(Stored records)
⟨

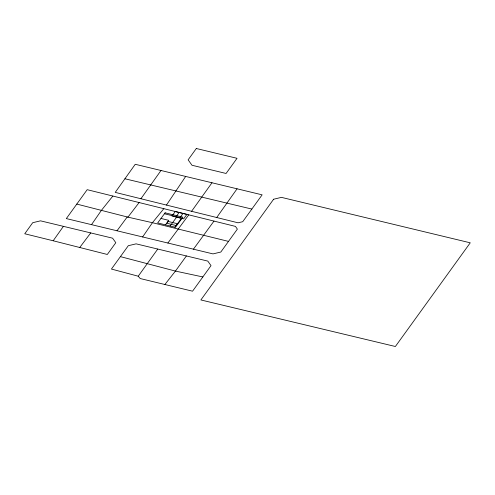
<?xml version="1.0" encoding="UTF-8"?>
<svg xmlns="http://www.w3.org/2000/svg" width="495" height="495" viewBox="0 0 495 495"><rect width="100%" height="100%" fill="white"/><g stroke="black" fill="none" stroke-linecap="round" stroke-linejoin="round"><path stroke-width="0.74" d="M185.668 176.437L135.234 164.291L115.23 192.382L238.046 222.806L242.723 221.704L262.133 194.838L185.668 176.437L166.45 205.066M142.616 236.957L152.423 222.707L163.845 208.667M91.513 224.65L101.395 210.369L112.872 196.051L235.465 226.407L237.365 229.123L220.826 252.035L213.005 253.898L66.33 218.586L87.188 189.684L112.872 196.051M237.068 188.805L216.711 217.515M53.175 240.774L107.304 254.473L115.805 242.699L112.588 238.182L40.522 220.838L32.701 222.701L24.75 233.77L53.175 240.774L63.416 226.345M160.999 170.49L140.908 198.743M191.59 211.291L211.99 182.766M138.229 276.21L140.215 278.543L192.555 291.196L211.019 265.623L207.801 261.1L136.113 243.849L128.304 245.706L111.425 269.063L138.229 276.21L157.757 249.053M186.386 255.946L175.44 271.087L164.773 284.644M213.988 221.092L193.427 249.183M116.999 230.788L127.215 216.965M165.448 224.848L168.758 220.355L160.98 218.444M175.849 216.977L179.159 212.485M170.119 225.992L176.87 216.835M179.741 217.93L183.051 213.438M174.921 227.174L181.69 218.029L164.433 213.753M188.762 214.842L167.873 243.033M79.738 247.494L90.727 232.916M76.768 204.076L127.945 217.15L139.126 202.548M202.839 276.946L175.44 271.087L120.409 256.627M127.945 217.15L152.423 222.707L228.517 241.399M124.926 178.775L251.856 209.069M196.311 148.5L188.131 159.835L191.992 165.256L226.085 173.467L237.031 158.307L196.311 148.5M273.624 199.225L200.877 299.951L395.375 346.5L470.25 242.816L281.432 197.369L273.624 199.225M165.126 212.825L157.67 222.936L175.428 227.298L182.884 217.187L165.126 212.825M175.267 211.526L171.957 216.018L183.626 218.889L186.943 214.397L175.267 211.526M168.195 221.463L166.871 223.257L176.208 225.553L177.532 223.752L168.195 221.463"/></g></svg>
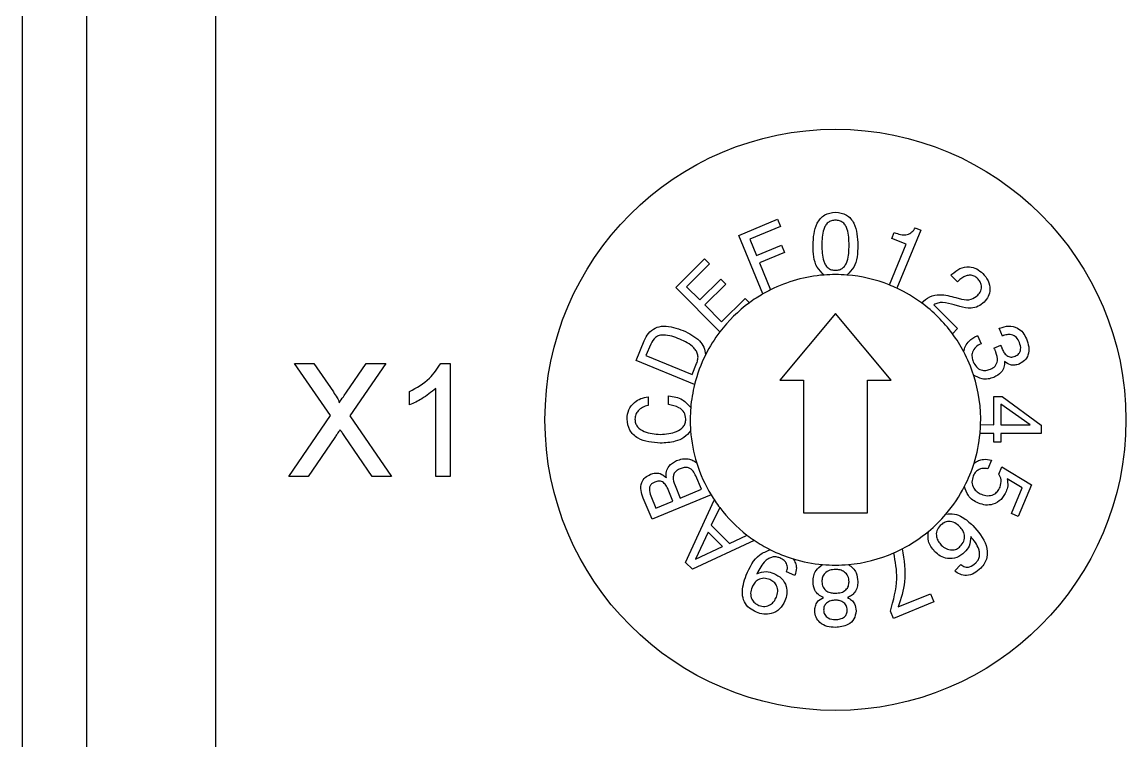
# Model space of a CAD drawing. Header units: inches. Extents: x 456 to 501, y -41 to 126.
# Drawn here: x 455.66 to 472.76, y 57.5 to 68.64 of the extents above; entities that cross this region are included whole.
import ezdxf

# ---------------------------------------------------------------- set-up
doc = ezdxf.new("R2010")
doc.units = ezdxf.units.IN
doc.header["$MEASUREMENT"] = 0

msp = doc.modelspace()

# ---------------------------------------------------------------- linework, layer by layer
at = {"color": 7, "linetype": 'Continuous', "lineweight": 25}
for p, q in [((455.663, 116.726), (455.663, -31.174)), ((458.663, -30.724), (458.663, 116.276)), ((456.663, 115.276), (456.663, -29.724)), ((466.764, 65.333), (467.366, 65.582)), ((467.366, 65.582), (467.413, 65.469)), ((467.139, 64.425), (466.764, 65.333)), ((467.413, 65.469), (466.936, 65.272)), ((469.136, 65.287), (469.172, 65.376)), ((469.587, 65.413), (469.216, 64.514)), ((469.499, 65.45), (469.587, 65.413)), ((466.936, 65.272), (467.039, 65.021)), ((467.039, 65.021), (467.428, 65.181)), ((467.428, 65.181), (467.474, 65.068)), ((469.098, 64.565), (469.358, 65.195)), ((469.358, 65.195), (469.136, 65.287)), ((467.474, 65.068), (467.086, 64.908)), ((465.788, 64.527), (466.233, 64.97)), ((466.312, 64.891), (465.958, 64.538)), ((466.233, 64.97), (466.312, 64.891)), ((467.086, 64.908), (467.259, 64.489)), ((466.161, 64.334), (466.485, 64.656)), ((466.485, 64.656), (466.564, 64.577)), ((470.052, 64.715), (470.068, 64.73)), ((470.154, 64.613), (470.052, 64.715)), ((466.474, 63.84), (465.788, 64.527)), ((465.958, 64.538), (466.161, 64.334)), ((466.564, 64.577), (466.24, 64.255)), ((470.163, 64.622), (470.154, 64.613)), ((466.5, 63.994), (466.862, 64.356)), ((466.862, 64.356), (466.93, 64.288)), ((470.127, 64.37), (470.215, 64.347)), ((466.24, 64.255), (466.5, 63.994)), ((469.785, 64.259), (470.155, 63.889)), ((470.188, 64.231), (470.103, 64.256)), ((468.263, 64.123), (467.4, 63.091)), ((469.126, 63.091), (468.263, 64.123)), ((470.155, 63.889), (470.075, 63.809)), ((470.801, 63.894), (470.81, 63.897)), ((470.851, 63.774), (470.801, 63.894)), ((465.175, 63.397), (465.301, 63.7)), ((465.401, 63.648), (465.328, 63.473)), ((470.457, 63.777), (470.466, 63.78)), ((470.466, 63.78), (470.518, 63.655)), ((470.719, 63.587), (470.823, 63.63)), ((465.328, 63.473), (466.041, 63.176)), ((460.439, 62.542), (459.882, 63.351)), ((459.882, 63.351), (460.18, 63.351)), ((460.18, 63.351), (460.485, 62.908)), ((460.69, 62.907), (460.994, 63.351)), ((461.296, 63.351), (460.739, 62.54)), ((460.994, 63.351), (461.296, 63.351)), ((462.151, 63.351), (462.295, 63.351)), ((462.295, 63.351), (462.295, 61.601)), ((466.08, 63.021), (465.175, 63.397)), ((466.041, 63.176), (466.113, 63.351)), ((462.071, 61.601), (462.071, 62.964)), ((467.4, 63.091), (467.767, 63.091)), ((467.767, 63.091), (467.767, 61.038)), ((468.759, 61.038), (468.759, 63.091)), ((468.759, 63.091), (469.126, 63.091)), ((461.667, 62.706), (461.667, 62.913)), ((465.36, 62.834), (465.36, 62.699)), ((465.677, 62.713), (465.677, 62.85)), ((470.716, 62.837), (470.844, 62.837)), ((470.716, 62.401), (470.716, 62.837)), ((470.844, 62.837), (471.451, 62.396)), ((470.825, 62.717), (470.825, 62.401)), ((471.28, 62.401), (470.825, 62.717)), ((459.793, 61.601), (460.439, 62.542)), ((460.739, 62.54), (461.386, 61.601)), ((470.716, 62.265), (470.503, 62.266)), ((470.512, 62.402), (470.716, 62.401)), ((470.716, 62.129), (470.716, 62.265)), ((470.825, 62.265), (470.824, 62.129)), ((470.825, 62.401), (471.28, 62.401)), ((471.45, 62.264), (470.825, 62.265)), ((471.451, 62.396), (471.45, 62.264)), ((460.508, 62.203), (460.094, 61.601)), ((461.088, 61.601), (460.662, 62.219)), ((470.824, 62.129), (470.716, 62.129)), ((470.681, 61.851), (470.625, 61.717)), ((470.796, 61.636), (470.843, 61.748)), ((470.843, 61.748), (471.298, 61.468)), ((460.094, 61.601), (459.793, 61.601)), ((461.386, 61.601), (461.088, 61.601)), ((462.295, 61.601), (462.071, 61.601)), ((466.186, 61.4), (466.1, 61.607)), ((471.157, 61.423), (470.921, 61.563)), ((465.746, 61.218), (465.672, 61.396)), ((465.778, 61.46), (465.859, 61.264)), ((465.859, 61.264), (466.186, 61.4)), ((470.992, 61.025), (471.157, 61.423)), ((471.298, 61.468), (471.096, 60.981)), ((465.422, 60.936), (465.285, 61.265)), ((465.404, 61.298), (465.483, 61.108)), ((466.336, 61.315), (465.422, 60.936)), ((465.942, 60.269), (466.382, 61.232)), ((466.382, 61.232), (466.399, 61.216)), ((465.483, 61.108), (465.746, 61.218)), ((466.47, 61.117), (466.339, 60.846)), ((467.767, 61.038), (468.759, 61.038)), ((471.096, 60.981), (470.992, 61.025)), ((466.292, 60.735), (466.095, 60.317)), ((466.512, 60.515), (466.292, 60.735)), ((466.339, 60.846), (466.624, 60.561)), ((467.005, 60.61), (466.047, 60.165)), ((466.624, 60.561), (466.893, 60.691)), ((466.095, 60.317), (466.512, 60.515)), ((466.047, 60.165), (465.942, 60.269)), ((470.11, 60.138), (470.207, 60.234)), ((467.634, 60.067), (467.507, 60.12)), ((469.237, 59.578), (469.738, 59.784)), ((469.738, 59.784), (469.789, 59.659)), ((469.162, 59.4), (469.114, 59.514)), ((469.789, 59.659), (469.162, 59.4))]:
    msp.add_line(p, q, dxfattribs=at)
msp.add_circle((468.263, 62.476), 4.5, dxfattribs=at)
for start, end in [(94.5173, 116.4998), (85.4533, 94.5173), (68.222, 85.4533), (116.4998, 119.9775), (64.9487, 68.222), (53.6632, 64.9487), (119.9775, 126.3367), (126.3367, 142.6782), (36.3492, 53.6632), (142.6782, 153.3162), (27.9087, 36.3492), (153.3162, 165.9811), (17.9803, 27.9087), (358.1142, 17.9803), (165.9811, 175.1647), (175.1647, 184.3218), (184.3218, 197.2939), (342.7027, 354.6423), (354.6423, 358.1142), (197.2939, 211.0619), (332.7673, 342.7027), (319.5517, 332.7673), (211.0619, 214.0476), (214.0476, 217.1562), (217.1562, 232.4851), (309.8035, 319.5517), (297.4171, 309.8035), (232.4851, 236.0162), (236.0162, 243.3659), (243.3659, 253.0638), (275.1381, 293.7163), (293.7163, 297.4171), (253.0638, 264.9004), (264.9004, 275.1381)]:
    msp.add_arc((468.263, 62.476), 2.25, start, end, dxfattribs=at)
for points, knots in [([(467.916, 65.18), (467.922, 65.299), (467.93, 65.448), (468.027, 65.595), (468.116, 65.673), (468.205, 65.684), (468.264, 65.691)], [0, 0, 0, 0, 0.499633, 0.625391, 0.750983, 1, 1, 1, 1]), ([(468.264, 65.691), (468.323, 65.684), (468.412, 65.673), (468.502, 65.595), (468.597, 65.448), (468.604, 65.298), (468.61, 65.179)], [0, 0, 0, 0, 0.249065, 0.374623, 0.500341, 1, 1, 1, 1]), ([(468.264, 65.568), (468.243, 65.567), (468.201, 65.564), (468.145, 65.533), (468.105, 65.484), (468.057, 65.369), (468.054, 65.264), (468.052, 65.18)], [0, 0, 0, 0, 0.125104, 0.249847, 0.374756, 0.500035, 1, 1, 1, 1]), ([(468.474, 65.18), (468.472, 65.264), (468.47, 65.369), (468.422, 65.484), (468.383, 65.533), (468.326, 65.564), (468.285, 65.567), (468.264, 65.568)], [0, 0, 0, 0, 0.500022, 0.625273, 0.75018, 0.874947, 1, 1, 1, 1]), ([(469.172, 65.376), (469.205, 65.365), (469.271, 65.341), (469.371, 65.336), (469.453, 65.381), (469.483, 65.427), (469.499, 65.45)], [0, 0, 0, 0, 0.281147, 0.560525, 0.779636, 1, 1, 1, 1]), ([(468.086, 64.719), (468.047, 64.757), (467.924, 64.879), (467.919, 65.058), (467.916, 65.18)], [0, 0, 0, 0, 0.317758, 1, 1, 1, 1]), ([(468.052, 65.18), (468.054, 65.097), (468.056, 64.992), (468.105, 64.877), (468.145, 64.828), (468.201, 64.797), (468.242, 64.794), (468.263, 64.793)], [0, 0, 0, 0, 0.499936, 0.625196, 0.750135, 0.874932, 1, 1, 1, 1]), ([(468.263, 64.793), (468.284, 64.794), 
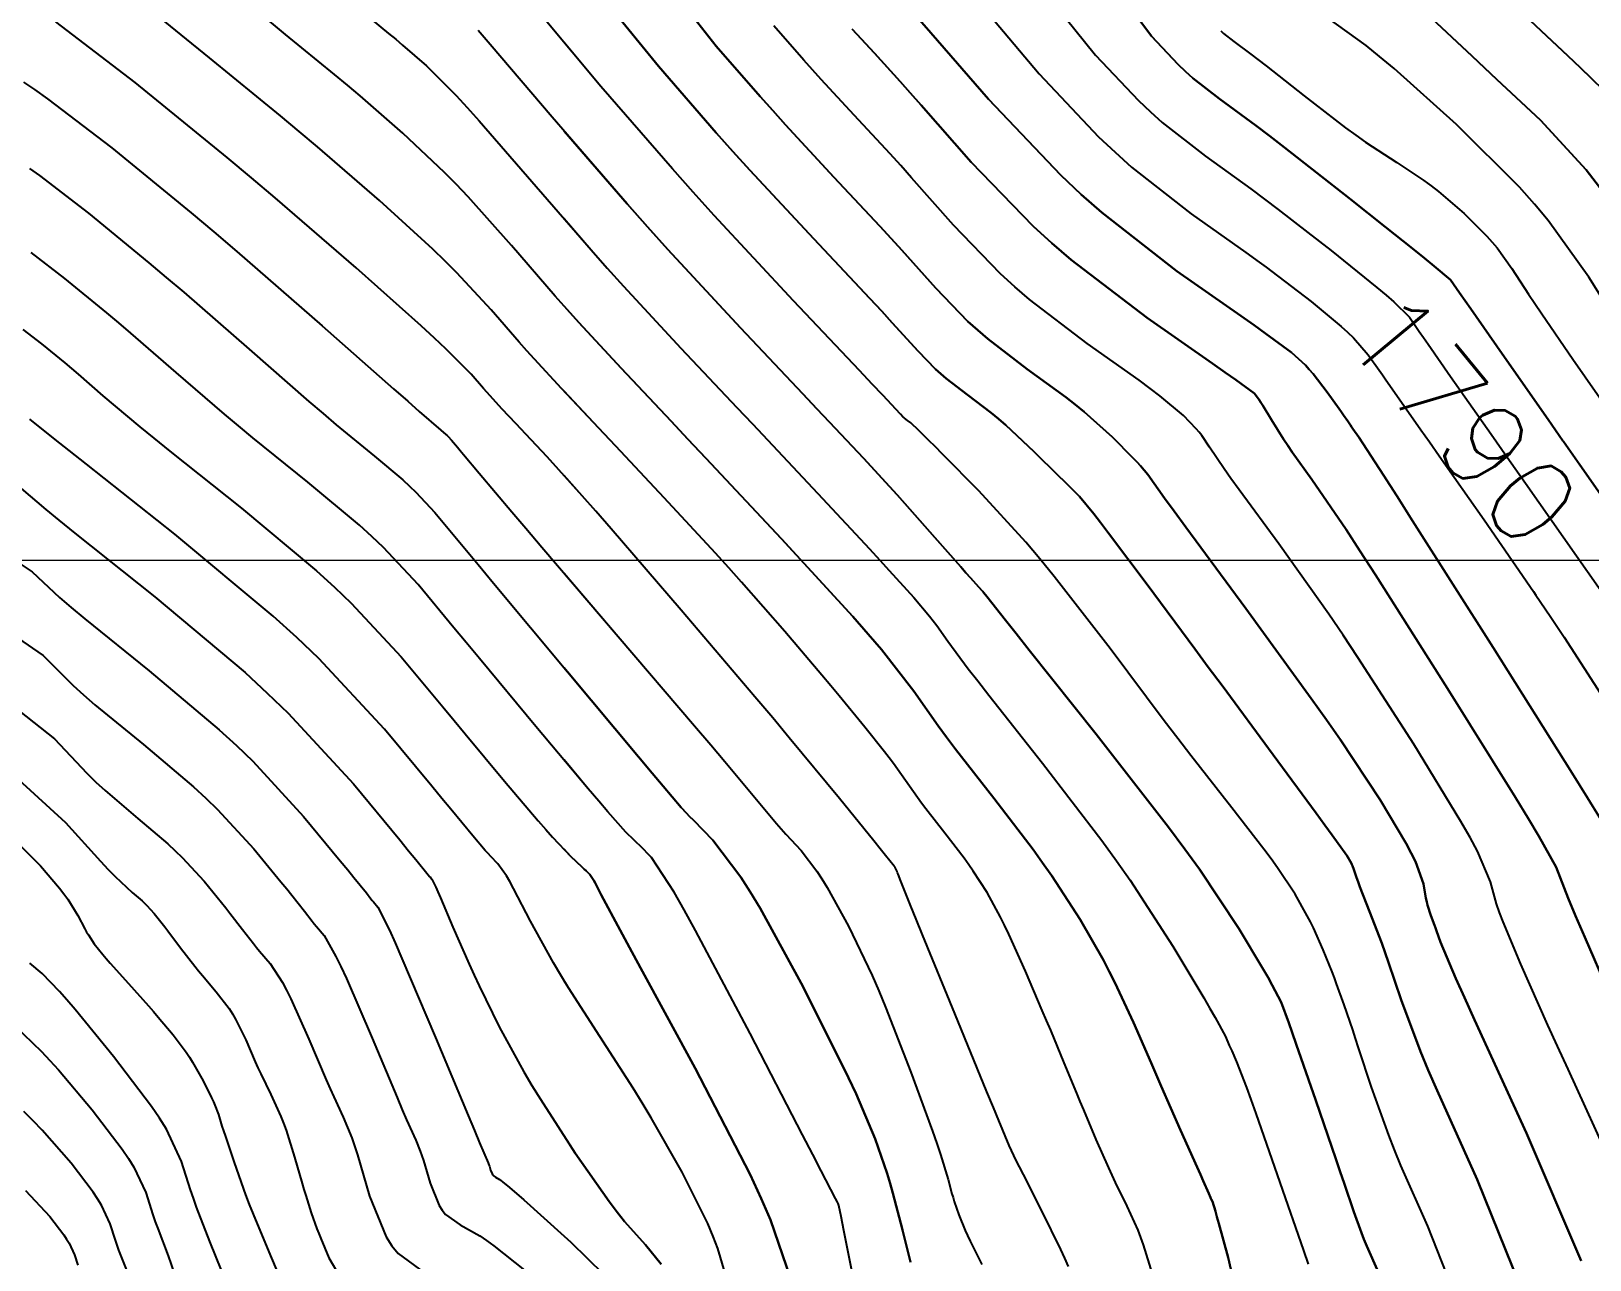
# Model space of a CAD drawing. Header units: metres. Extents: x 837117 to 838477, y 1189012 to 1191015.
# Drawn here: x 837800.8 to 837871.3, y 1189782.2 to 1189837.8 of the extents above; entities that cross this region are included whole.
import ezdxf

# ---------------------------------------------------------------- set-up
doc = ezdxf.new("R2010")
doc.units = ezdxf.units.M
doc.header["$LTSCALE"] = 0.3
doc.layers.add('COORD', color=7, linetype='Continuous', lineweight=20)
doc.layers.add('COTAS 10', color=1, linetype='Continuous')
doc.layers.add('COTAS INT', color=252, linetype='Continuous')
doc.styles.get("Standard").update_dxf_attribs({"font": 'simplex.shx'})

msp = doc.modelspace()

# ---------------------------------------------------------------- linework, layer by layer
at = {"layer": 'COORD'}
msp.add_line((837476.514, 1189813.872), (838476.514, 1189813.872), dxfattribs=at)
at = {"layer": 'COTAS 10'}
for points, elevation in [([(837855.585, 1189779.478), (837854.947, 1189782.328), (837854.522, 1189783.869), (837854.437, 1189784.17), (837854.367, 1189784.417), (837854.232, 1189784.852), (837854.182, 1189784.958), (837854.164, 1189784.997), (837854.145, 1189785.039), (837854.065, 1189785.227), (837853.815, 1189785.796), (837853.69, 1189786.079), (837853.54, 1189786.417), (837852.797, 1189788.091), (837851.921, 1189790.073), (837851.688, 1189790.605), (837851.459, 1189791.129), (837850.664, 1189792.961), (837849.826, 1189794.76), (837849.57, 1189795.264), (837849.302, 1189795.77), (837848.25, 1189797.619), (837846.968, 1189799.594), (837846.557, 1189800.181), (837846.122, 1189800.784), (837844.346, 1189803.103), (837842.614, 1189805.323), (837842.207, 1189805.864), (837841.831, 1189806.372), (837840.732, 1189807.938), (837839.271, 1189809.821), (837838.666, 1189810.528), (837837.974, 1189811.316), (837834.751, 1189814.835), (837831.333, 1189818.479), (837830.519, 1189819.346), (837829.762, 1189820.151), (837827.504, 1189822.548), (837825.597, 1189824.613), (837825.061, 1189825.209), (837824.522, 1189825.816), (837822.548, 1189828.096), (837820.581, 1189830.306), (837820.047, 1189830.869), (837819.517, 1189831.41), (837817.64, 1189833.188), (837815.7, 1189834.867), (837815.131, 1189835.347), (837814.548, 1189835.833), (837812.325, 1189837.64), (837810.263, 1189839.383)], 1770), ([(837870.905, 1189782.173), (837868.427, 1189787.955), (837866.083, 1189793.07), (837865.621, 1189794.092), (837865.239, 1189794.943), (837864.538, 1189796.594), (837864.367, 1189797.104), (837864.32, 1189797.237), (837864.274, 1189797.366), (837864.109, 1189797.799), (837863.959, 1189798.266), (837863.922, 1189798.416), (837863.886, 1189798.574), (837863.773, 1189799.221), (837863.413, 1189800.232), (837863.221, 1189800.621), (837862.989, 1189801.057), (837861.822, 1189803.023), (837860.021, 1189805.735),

⟩

» GOAL OF THE EXERCISE: Count how many lines of the entries contain the word "this"; only the number should appear in the reply.

» EXERCISE ANSWER: 2